En second lieu, pour les mêmes motifs que ceux exposés au point 5, le requérant n’est pas fondé à soutenir que le préfet des Pyrénées-Atlantiques, en l’interdisant de retour sur le territoire français pour une durée de deux ans, aurait méconnu son droit au respect de sa vie privée et familiale et aurait entaché sa décision d’une erreur de fait, à ce titre, ainsi que d’une erreur manifeste d’appréciation.
Il résulte de tout ce qui précède que la requête de M. A… ne peut qu’être rejetée, y compris ses conclusions aux fins d’application des dispositions de l’article L. 761-1 du code de justice administrative.
D E C I D E :
Article 1er : La requête de M. A… est rejetée.
Article 2 : Le présent jugement sera notifié à M. C… A… et au préfet des Pyrénées-Atlantiques.

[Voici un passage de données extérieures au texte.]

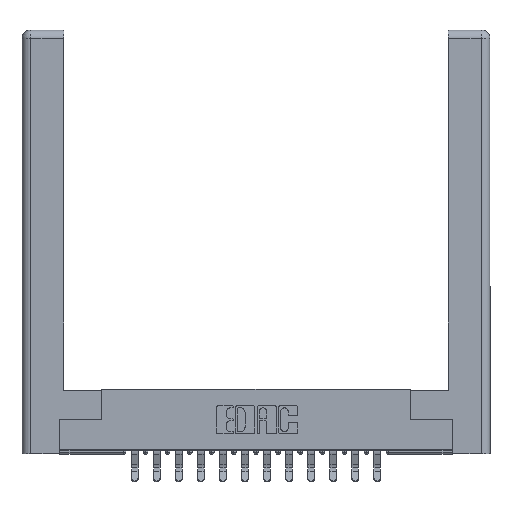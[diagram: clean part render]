
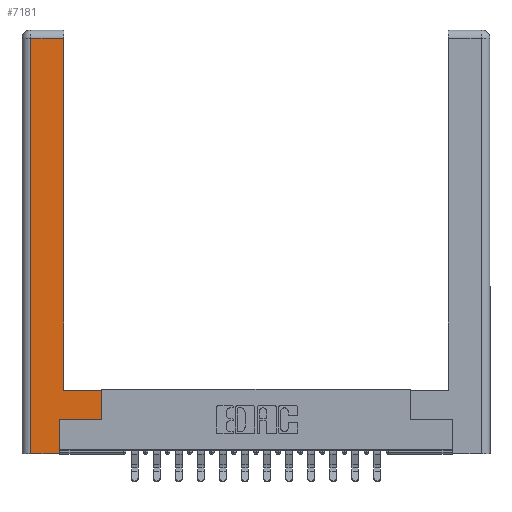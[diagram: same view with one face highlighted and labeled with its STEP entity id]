
A CAD part, top view. The second image highlights one B-rep face of the part: STEP entity #7181.
In plain terms, the highlighted planar face has unit normal (0, 0, 1).
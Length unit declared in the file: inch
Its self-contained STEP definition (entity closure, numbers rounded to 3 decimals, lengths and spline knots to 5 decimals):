
#147 = VERTEX_POINT ( 'NONE', #18010 ) ;
#333 = CARTESIAN_POINT ( 'NONE',  ( 0.565, 0.45, 0. ) ) ;
#732 = FACE_OUTER_BOUND ( 'NONE', #1564, .T. ) ;
#812 = VECTOR ( 'NONE', #6881, 39.37008 ) ;
#941 = CARTESIAN_POINT ( 'NONE',  ( 0.565, 0.245, 0. ) ) ;
#991 = ORIENTED_EDGE ( 'NONE', *, *, #15609, .T. ) ;
#1564 = EDGE_LOOP ( 'NONE', ( #17167, #1643, #991, #6206, #7508, #1571, #14065, #13752 ) ) ;
#1571 = ORIENTED_EDGE ( 'NONE', *, *, #4961, .T. ) ;
#1643 = ORIENTED_EDGE ( 'NONE', *, *, #14208, .T. ) ;
#1856 = CARTESIAN_POINT ( 'NONE',  ( 0.0615, 0., 0. ) ) ;
#2388 = VERTEX_POINT ( 'NONE', #17439 ) ;
#2796 = VERTEX_POINT ( 'NONE', #18739 ) ;
#3308 = AXIS2_PLACEMENT_3D ( 'NONE', #15757, #8276, #5232 ) ;
#3374 = EDGE_CURVE ( 'NONE', #13853, #147, #10750, .T. ) ;
#3599 = LINE ( 'NONE', #10684, #15597 ) ;
#3850 = VERTEX_POINT ( 'NONE', #18304 ) ;
#4071 = DIRECTION ( 'NONE',  ( 1., 0., 0. ) ) ;
#4961 = EDGE_CURVE ( 'NONE', #11381, #5339, #11843, .T. ) ;
#5021 = DIRECTION ( 'NONE',  ( 1., 0., 0. ) ) ;
#5056 = VECTOR ( 'NONE', #5021, 39.37008 ) ;
#5232 = DIRECTION ( 'NONE',  ( -1., 0., 0. ) ) ;
#5339 = VERTEX_POINT ( 'NONE', #13668 ) ;
#5399 = VECTOR ( 'NONE', #6493, 39.37008 ) ;
#5481 = DIRECTION ( 'NONE',  ( 0., 1., 0. ) ) ;
#6193 = EDGE_CURVE ( 'NONE', #5339, #13853, #3599, .T. ) ;
#6206 = ORIENTED_EDGE ( 'NONE', *, *, #15157, .T. ) ;
#6493 = DIRECTION ( 'NONE',  ( -1., 0., 0. ) ) ;
#6839 = CARTESIAN_POINT ( 'NONE',  ( 0.295, 0.45, 0. ) ) ;
#6881 = DIRECTION ( 'NONE',  ( 0., 1., 0. ) ) ;
#7181 = ADVANCED_FACE ( 'NONE', ( #732 ), #12731, .F. ) ;
#7508 = ORIENTED_EDGE ( 'NONE', *, *, #11181, .T. ) ;
#7670 = LINE ( 'NONE', #8270, #812 ) ;
#7885 = VECTOR ( 'NONE', #4071, 39.37008 ) ;
#8087 = CARTESIAN_POINT ( 'NONE',  ( 0.0615, 2.94, 0. ) ) ;
#8121 = VECTOR ( 'NONE', #10801, 39.37008 ) ;
#8167 = VECTOR ( 'NONE', #5481, 39.37008 ) ;
#8270 = CARTESIAN_POINT ( 'NONE',  ( 0.295, 3., 0. ) ) ;
#8276 = DIRECTION ( 'NONE',  ( 0., 0., -1. ) ) ;
#9576 = CARTESIAN_POINT ( 'NONE',  ( 0.265, 0.245, 0. ) ) ;
#10257 = LINE ( 'NONE', #14042, #5056 ) ;
#10684 = CARTESIAN_POINT ( 'NONE',  ( 0.565, 0.45, 0. ) ) ;
#10750 = LINE ( 'NONE', #6839, #19470 ) ;
#10801 = DIRECTION ( 'NONE',  ( 0., -1., 0. ) ) ;
#11181 = EDGE_CURVE ( 'NONE', #17055, #11381, #13098, .T. ) ;
#11381 = VERTEX_POINT ( 'NONE', #16457 ) ;
#11843 = LINE ( 'NONE', #941, #7885 ) ;
#12464 = CARTESIAN_POINT ( 'NONE',  ( 0.265, 0., 0. ) ) ;
#12731 = PLANE ( 'NONE',  #3308 ) ;
#13098 = LINE ( 'NONE', #9576, #8167 ) ;
#13515 = LINE ( 'NONE', #1856, #8121 ) ;
#13627 = LINE ( 'NONE', #8087, #5399 ) ;
#13668 = CARTESIAN_POINT ( 'NONE',  ( 0.565, 0.245, 0. ) ) ;
#13752 = ORIENTED_EDGE ( 'NONE', *, *, #3374, .T. ) ;
#13853 = VERTEX_POINT ( 'NONE', #333 ) ;
#14042 = CARTESIAN_POINT ( 'NONE',  ( 0.265, 0., 0. ) ) ;
#14065 = ORIENTED_EDGE ( 'NONE', *, *, #6193, .T. ) ;
#14208 = EDGE_CURVE ( 'NONE', #2388, #3850, #13627, .T. ) ;
#15157 = EDGE_CURVE ( 'NONE', #2796, #17055, #10257, .T. ) ;
#15287 = EDGE_CURVE ( 'NONE', #147, #2388, #7670, .T. ) ;
#15568 = DIRECTION ( 'NONE',  ( -1., 0., 0. ) ) ;
#15597 = VECTOR ( 'NONE', #18172, 39.37008 ) ;
#15609 = EDGE_CURVE ( 'NONE', #3850, #2796, #13515, .T. ) ;
#15757 = CARTESIAN_POINT ( 'NONE',  ( 0., 0., 0. ) ) ;
#16457 = CARTESIAN_POINT ( 'NONE',  ( 0.265, 0.245, 0. ) ) ;
#17055 = VERTEX_POINT ( 'NONE', #12464 ) ;
#17167 = ORIENTED_EDGE ( 'NONE', *, *, #15287, .T. ) ;
#17439 = CARTESIAN_POINT ( 'NONE',  ( 0.295, 2.94, 0. ) ) ;
#18010 = CARTESIAN_POINT ( 'NONE',  ( 0.295, 0.45, 0. ) ) ;
#18172 = DIRECTION ( 'NONE',  ( 0., 1., 0. ) ) ;
#18304 = CARTESIAN_POINT ( 'NONE',  ( 0.0615, 2.94, 0. ) ) ;
#18739 = CARTESIAN_POINT ( 'NONE',  ( 0.0615, 0., 0. ) ) ;
#19470 = VECTOR ( 'NONE', #15568, 39.37008 ) ;

Délibéré après l’audience du 7 mai 2026, à laquelle siégeaient :
M. Ladreyt, président,
M. Koutchouk, premier conseiller,
Mme Jaffré, première conseillère.
Rendu public par mise à disposition au greffe le 28 mai 2026.
Le président rapporteur,
J-P. Ladreyt
L’assesseur le plus ancien,
Koutchouk
La greffière,
A. Gomez Barranco
La République mande et ordonne au préfet des Pyrénées-Atlantiques en ce qui le concerne ou à tous commissaires de justice à ce requis en ce qui concerne les voies de droit commun contre les parties privées, de pourvoir à l’exécution de la présente décision.